** EXERCISE INSTRUCTIONS **
Scan the listing below and copy every line holding "extrude".

++++ EXERCISE MATERIALS ++++

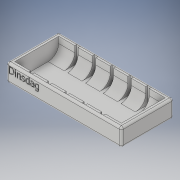
# Autodesk Inventor part: Dinsdag
Saved by Autodesk Inventor 2019 (Build 230136000, 136)
## iProperties
Created: 2020-10-20
Part Number: Dinsdag
Material: Generic
Document SubType Name: Modeling
Designer: daanswinters
Density: 1 g/cm^3
Appearance: Default
Author: daanswinters
Autodesk Inventor part; units mm, degrees
ref_plane "YZ Plane" through (0, 0, 0) normal (1, 0, 0) x (0, 1, 0)
ref_plane "XZ Plane" through (0, 0, 0) normal (0, 1, 0) x (-1, 0, 0)
ref_plane "XY Plane" through (0, 0, 0) normal (0, 0, 1) x (1, 0, 0)
sketch "Sketch1" plane through (0, 0, 0) normal (0, 0, 1) x (1, 0, 0)
  line L0 (55, -8.5) -> (-55, -8.5)
  line L1 (-55, -8.5) -> (-55, 8.5)
  line L2 (-55, 8.5) -> (55, 8.5)
  line L3 (55, 8.5) -> (55, -8.5)
  line L4 (55, -8.5) -> (-55, 8.5) construction
  line L5 (-55, -8.5) -> (55, 8.5) construction
  point P0 (0, 0)
  dimension "d0" = 110
  dimension "d1" = 17
  constraints: 12 end point, 2 midpoint, 2 parallel, 1 horizontal, 1 perpendicular
  measures "d0" distance of L1.end L2.end
  measures "d1" distance of L0.end L1.end
extrude "Extrusion1" add sketch "Sketch1" along normal blind 50
sketch "Sketch2" plane through (-55, 8.5, 0) normal (0, 1, 0) x (1, 0, 0)
  line L0 (0, 0) -> (0, -50) projected
  line L1 (110, -50) -> (0, -50)
  line L2 (0, -50) -> (0, 0)
  line L3 (0, 0) -> (110, 0)
  line L4 (110, 0) -> (110, -50)
  line L5 (110, -50) -> (0, 0) construction
  line L6 (0, -50) -> (110, 0) construction
  line L7 (106, -46) -> (106, -4)
  line L8 (4, -4) -> (4, -46)
  line L9 (56.15, -2) -> (53.85, -2)
  line L10 (53.85, -48) -> (56.15, -48)
  line L11 (56.15, -2) -> (53.85, -48) construction
  line L12 (53.85, -2) -> (56.15, -48) construction
  line L13 (73.15, -2) -> (70.85, -2)
  line L14 (70.85, -48) -> (73.15, -48)
  line L15 (73.15, -2) -> (70.85, -48) construction
  line L16 (70.85, -2) -> (73.15, -48) construction
  line L17 (0, -25) -> (110, -25) construction
  line L18 (87.85, -2) -> (90.15, -2)
  line L19 (90.15, -48) -> (87.85, -48)
  line L20 (87.85, -2) -> (90.15, -48) construction
  line L21 (90.15, -2) -> (87.85, -48) construction
  line L22 (36.85, -2) -> (39.15, -2)
  line L23 (39.15, -48) -> (36.85, -48)
  line L24 (36.85, -2) -> (39.15, -48) construction
  line L25 (39.15, -2) -> (36.85, -48) construction
  line L26 (19.85, -2) -> (22.15, -2)
  line L27 (22.15, -48) -> (19.85, -48)
  line L28 (19.85, -2) -> (22.15, -48) construction
  line L29 (22.15, -2) -> (19.85, -48) construction
  line L30 (90.15, -2) -> (90.15, -4)
  line L31 (90.15, -46) -> (90.15, -48)
  line L32 (87.85, -48) -> (87.85, -46)
  line L33 (87.85, -4) -> (87.85, -2)
  line L34 (73.15, -48) -> (73.15, -46)
  line L35 (73.15, -4) -> (73.15, -2)
  line L36 (70.85, -2) -> (70.85, -4)
  line L37 (70.85, -46) -> (70.85, -48)
  line L38 (56.15, -4) -> (56.15, -2)
  line L39 (53.85, -2) -> (53.85, -4)
  line L40 (53.85, -46) -> (53.85, -48)
  line L41 (56.15, -48) -> (56.15, -46)
  line L42 (39.15, -2) -> (39.15, -4)
  line L43 (39.15, -46) -> (39.15, -48)
  line L44 (36.85, -48) -> (36.85, -46)
  line L45 (36.85, -4) -> (36.85, -2)
  line L46 (22.15, -2) -> (22.15, -4)
  line L47 (19.85, -48) -> (19.85, -46)
  line L48 (19.85, -4) -> (19.85, -2)
  line L49 (22.15, -46) -> (22.15, -48)
  line L50 (4, -46) -> (19.95, -46)
  line L51 (22.05, -46) -> (36.95, -46)
  line L52 (39.05, -46) -> (53.95, -46)
  line L53 (56.05, -46) -> (70.95, -46)
  line L54 (73.05, -46) -> (87.95, -46)
  line L55 (90.05, -46) -> (106, -46)
  line L56 (106, -4) -> (90.05, -4)
  line L57 (87.95, -4) -> (73.05, -4)
  line L58 (70.95, -4) -> (56.05, -4)
  line L59 (53.95, -4) -> (39.05, -4)
  line L60 (36.95, -4) -> (22.05, -4)
  line L61 (19.95, -4) -> (4, -4)
  point P0 (55, 0)
  point P1 (55, -25)
  point P2 (72, -25)
  point P3 (89, -25)
  point P4 (38, -25)
  point P5 (21, -25)
  dimension "d4" = 65.556
  dimension "d5" = 110
  dimension "d7" = 2.3
  dimension "d8" = 46
  dimension "d9" = 2.3
  dimension "d10" = 46
  dimension "d11" = 0
  dimension "d12" = 2.3
  dimension "d13" = 46
  dimension "d14" = 2.3
  dimension "d15" = 46
  dimension "d16" = 2.3
  dimension "d17" = 46
  dimension "d18" = 17
  dimension "d19" = 17
  dimension "d20" = 17
  dimension "d21" = 17
  dimension "d22" = 2.862
  dimension "d23" = 2.862
  dimension "d24" = 106
  dimension "d25" = 4
  dimension "d26" = 42
  dimension "d27" = 2
  dimension "d28" = 0
  dimension "d29" = 42
  dimension "d30" = 0
  dimension "d31" = 42
  dimension "d32" = 0
  dimension "d33" = 42
  dimension "d34" = 0
  dimension "d35" = 42
  dimension "d36" = 0
  dimension "d37" = 42
  constraints: 122 end point, 73 parallel, 43 point on line, 17 perpendicular, 14 midpoint, 6 horizontal
  measures "d4" angle of L5 L0
  measures "d5" distance between parallel lines of L4 L0
  measures "d7" distance of L10.end L10.start
  measures "d8" distance of L10.start L9.end
  measures "d9" distance of L14.end L14.start
  measures "d10" distance of L14.start L13.end
  measures "d11" distance from line of L17 point (72, -25)
  measures "d12" distance of L19.start L19.end
  measures "d13" distance of L18.end L19.start
  measures "d14" distance of L23.start L23.end
  measures "d15" distance of L22.end L23.start
  measures "d16" distance of L27.start L27.end
  measures "d17" distance of L26.end L27.start
  measures "d18" distance of point (72, -25) point (55, -25)
  measures "d19" distance of point (89, -25) point (72, -25)
  measures "d20" distance of point (38, -25) point (55, -25)
  measures "d21" distance of point (21, -25) point (38, -25)
  measures "d22" angle of L0 L20
  measures "d23" angle of L0 L21
  measures "d24" distance between parallel lines of L7 L0
  measures "d25" distance between parallel lines of L8 L0
  measures "d26" distance between parallel lines of L56 L55
  measures "d27" distance between parallel lines of L56 L18
  measures "d28" distance between parallel lines of L56 L57
  measures "d29" distance between parallel lines of L56 L54
  measures "d30" distance between parallel lines of L56 L58
  measures "d31" distance between parallel lines of L56 L53
  measures "d32" distance between parallel lines of L56 L59
  measures "d33" distance between parallel lines of L56 L52
  measures "d34" distance between parallel lines of L56 L60
  measures "d35" distance between parallel lines of L56 L51
  measures "d36" distance between parallel lines of L56 L61
  measures "d37" distance between parallel lines of L56 L50
extrude "Extrusion2" cut sketch "Sketch2" against normal blind 16 contours L55 L31 L19 L32 L54 L34 L14 L37 L53 L41 L10 L40 L52 L43 L23 L44 L51 L49 L27 L47 L50 L8 L61 L48 L26 L46 L60 L45 L22 L42 L59 L39 L9 L38 L58 L36 L13 L35 L57 L33 L18 L30 L56 L7
fillet "Fillet1" radius 2 12 edges at (-55, 0, 50) (-55, 0, 0) (55, 0, 50) (55, 0, 0) (0, 8.5, 50) (-55, 8.5, 25) (0, 8.5, 0) (55, 8.5, 25) (55, -8.5, 25) (0, -8.5, 50) (-55, -8.5, 25) (0, -8.5, 0)
fillet "Fillet2" radius 10 6 edges at (-43.075, -7.5, 4) (-25.5, -7.5, 4) (-8.5, -7.5, 4) (8.5, -7.5, 4) (25.5, -7.5, 4) (43.075, -7.5, 4)
sketch "Sketch3" plane through (35.15, 8.5, 4) normal (0, 1, 0) x (1, 0, 0)
  line L0 (-70.3, -44) -> (-70.3, -42) projected
  line L1 (-51, 2) -> (-53.3, 2)
  line L2 (-34, 2) -> (-34, 0) projected
  line L3 (-36.3, -44) -> (-36.3, -42) projected
  line L4 (-19.3, -44) -> (-19.3, -42) projected
  line L5 (-2.3, -44) -> (-2.3, -42) projected
  line L6 (0, 2) -> (0, 0) projected
  line L7 (-19.8, 2) -> (-16.5, 2)
  line L8 (-16.5, 2) -> (-16.5, -44)
  line L9 (-16.5, -44) -> (-19.8, -44)
  line L10 (-19.8, -44) -> (-19.8, 2)
  line L11 (-19.8, 2) -> (-16.5, -44) construction
  line L12 (-16.5, 2) -> (-19.8, -44) construction
  line L13 (-2.8, -44) -> (0.5, -44)
  line L14 (0.5, -44) -> (0.5, 2)
  line L15 (0.5, 2) -> (-2.8, 2)
  line L16 (-2.8, 2) -> (-2.8, -44)
  line L17 (-2.8, -44) -> (0.5, 2) construction
  line L18 (0.5, -44) -> (-2.8, 2) construction
  line L19 (-36.8, -44) -> (-33.5, -44)
  line L20 (-33.5, -44) -> (-33.5, 2)
  line L21 (-33.5, 2) -> (-36.8, 2)
  line L22 (-36.8, 2) -> (-36.8, -44)
  line L23 (-36.8, -44) -> (-33.5, 2) construction
  line L24 (-33.5, -44) -> (-36.8, 2) construction
  line L25 (-51, 2) -> (-36.3, 2) projected
  line L26 (-53.8, -44) -> (-50.5, -44)
  line L27 (-50.5, -44) -> (-50.5, 2)
  line L28 (-50.5, 2) -> (-53.8, 2)
  line L29 (-53.8, 2) -> (-53.8, -44)
  line L30 (-53.8, -44) -> (-50.5, 2) construction
  line L31 (-50.5, -44) -> (-53.8, 2) construction
  line L32 (-53.3, -44) -> (-68, -44) projected
  line L33 (-70.8, 2) -> (-67.5, 2)
  line L34 (-67.5, 2) -> (-67.5, -44)
  line L35 (-67.5, -44) -> (-70.8, -44)
  line L36 (-70.8, -44) -> (-70.8, 2)
  line L37 (-70.8, 2) -> (-67.5, -44) construction
  line L38 (-67.5, 2) -> (-70.8, -44) construction
  point P0 (-35.15, 4)
  point P1 (-68, 2)
  point P2 (-17, 2)
  point P3 (-18.15, -21)
  point P4 (-1.15, -21)
  point P5 (-35.15, -21)
  point P6 (-52.15, -21)
  point P7 (-69.15, -21)
  dimension "d42" = 3.3
  dimension "d43" = 46
  dimension "d44" = 3.3
  dimension "d45" = 3.3
  dimension "d46" = 3.3
  dimension "d47" = 3.3
  dimension "d48" = 90
  dimension "d49" = 0.5
  dimension "d50" = 16.5
  dimension "d51" = 33.5
  dimension "d52" = 50.5
  dimension "d53" = 67.5
  dimension "d54" = 46
  dimension "d55" = 0
  dimension "d56" = 53.3
  constraints: 62 end point, 14 parallel, 10 midpoint, 5 horizontal, 5 perpendicular, 3 point on line
  measures "d42" distance of L8.end L9.end
  measures "d43" distance of L7.end L8.end
  measures "d44" distance of L15.end L14.end
  measures "d45" distance of L21.end L20.end
  measures "d46" distance of L28.end L27.end
  measures "d47" distance of L34.end L35.end
  measures "d48" angle of L6 L1
  measures "d49" distance between parallel lines of L6 L14
  measures "d50" distance between parallel lines of L6 L8
  measures "d51" distance between parallel lines of L6 L20
  measures "d52" distance between parallel lines of L6 L27
  measures "d53" distance between parallel lines of L6 L34
  measures "d54" distance between parallel lines of L25 L9
  measures "d55" distance between parallel lines of L15 L25
  measures "d56" distance from line of L1.end L6
extrude "Extrusion3" cut sketch "Sketch3" against normal blind 16
sketch "Sketch4" plane through (0, 0, 50) normal (0, 0, 1) x (1, 0, 0)
  line L0 (-52.9749, 6.5012) -> (53.0345, 6.5012) construction
  line L1 (53.0345, 6.5012) -> (53.0345, -6.5247) construction
  line L2 (53.0345, -6.5247) -> (-52.9749, -6.5247) construction
  line L3 (-52.9749, -6.5247) -> (-52.9749, 6.5012) construction
  spline S0 degree 2 poles (-47.5472, 3.1744) (-47.5472, 2.339) (-48.2244, 0.9944) (-48.7929, 0.6188) knots 0 0 0 1 2 2 2
  spline S1 degree 2 poles (-48.7929, 0.6188) (-49.2576, 0.3271) (-50.2116, 0.1294) (-50.9531, 0.1294) knots 0 0 0 1 2 2 2
  line L4 (-50.9531, 0.1294) -> (-52.357, 0.1294)
  line L5 (-52.357, 0.1294) -> (-52.357, 6.2294)
  line L6 (-52.357, 6.2294) -> (-50.968, 6.2294)
  spline S2 degree 2 poles (-50.968, 6.2294) (-50.1078, 6.2294) (-49.1291, 5.9723) (-48.783, 5.7449) knots 0 0 0 1 2 2 2
  spline S3 degree 2 poles (-48.783, 5.7449) (-48.1948, 5.3544) (-47.5472, 4.0642) (-47.5472, 3.1744) knots 0 0 0 1 2 2 2
  spline S4 degree 2 poles (-48.3925, 3.1843) (-48.3925, 3.8863) (-48.8572, 4.8799) (-49.3169, 5.1616) knots 0 0 0 1 2 2 2
  spline S5 degree 2 poles (-49.3169, 5.1616) (-49.6432, 5.3544) (-50.3797, 5.5274) (-50.9284, 5.5274) knots 0 0 0 1 2 2 2
  line L7 (-50.9284, 5.5274) -> (-51.5463, 5.5274)
  line L8 (-51.5463, 5.5274) -> (-51.5463, 0.8313)
  line L9 (-51.5463, 0.8313) -> (-50.9284, 0.8313)
  spline S6 degree 2 poles (-50.9284, 0.8313) (-50.3896, 0.8313) (-49.574, 1.0043) (-49.2428, 1.2367) knots 0 0 0 1 2 2 2
  spline S7 degree 2 poles (-49.2428, 1.2367) (-48.8176, 1.5234) (-48.3925, 2.4725) (-48.3925, 3.1843) knots 0 0 0 1 2 2 2
  line L10 (-45.9406, 0.1294) -> (-46.7118, 0.1294)
  line L11 (-46.7118, 0.1294) -> (-46.7118, 4.7068)
  line L12 (-46.7118, 4.7068) -> (-45.9406, 4.7068)
  line L13 (-45.9406, 4.7068) -> (-45.9406, 0.1294)
  line L14 (-45.8863, 5.4681) -> (-46.7612, 5.4681)
  line L15 (-46.7612, 5.4681) -> (-46.7612, 6.2689)
  line L16 (-46.7612, 6.2689) -> (-45.8863, 6.2689)
  line L17 (-45.8863, 6.2689) -> (-45.8863, 5.4681)
  line L18 (-41.2149, 0.1294) -> (-41.986, 0.1294)
  line L19 (-41.986, 0.1294) -> (-41.986, 2.7394)
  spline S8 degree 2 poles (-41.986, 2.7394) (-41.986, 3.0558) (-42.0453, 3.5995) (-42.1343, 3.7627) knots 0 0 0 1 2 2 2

++++

** SOLUTION **
extrude "Extrusion1" add sketch "Sketch1" along normal blind 50
extrude "Extrusion2" cut sketch "Sketch2" against normal blind 16 contours L55 L31 L19 L32 L54 L34 L14 L37 L53 L41 L10 L40 L52 L43 L23 L44 L51 L49 L27 L47 L50 L8 L61 L48 L26 L46 L60 L45 L22 L42 L59 L39 L9 L38 L58 L36 L13 L35 L57 L33 L18 L30 L56 L7
extrude "Extrusion3" cut sketch "Sketch3" against normal blind 16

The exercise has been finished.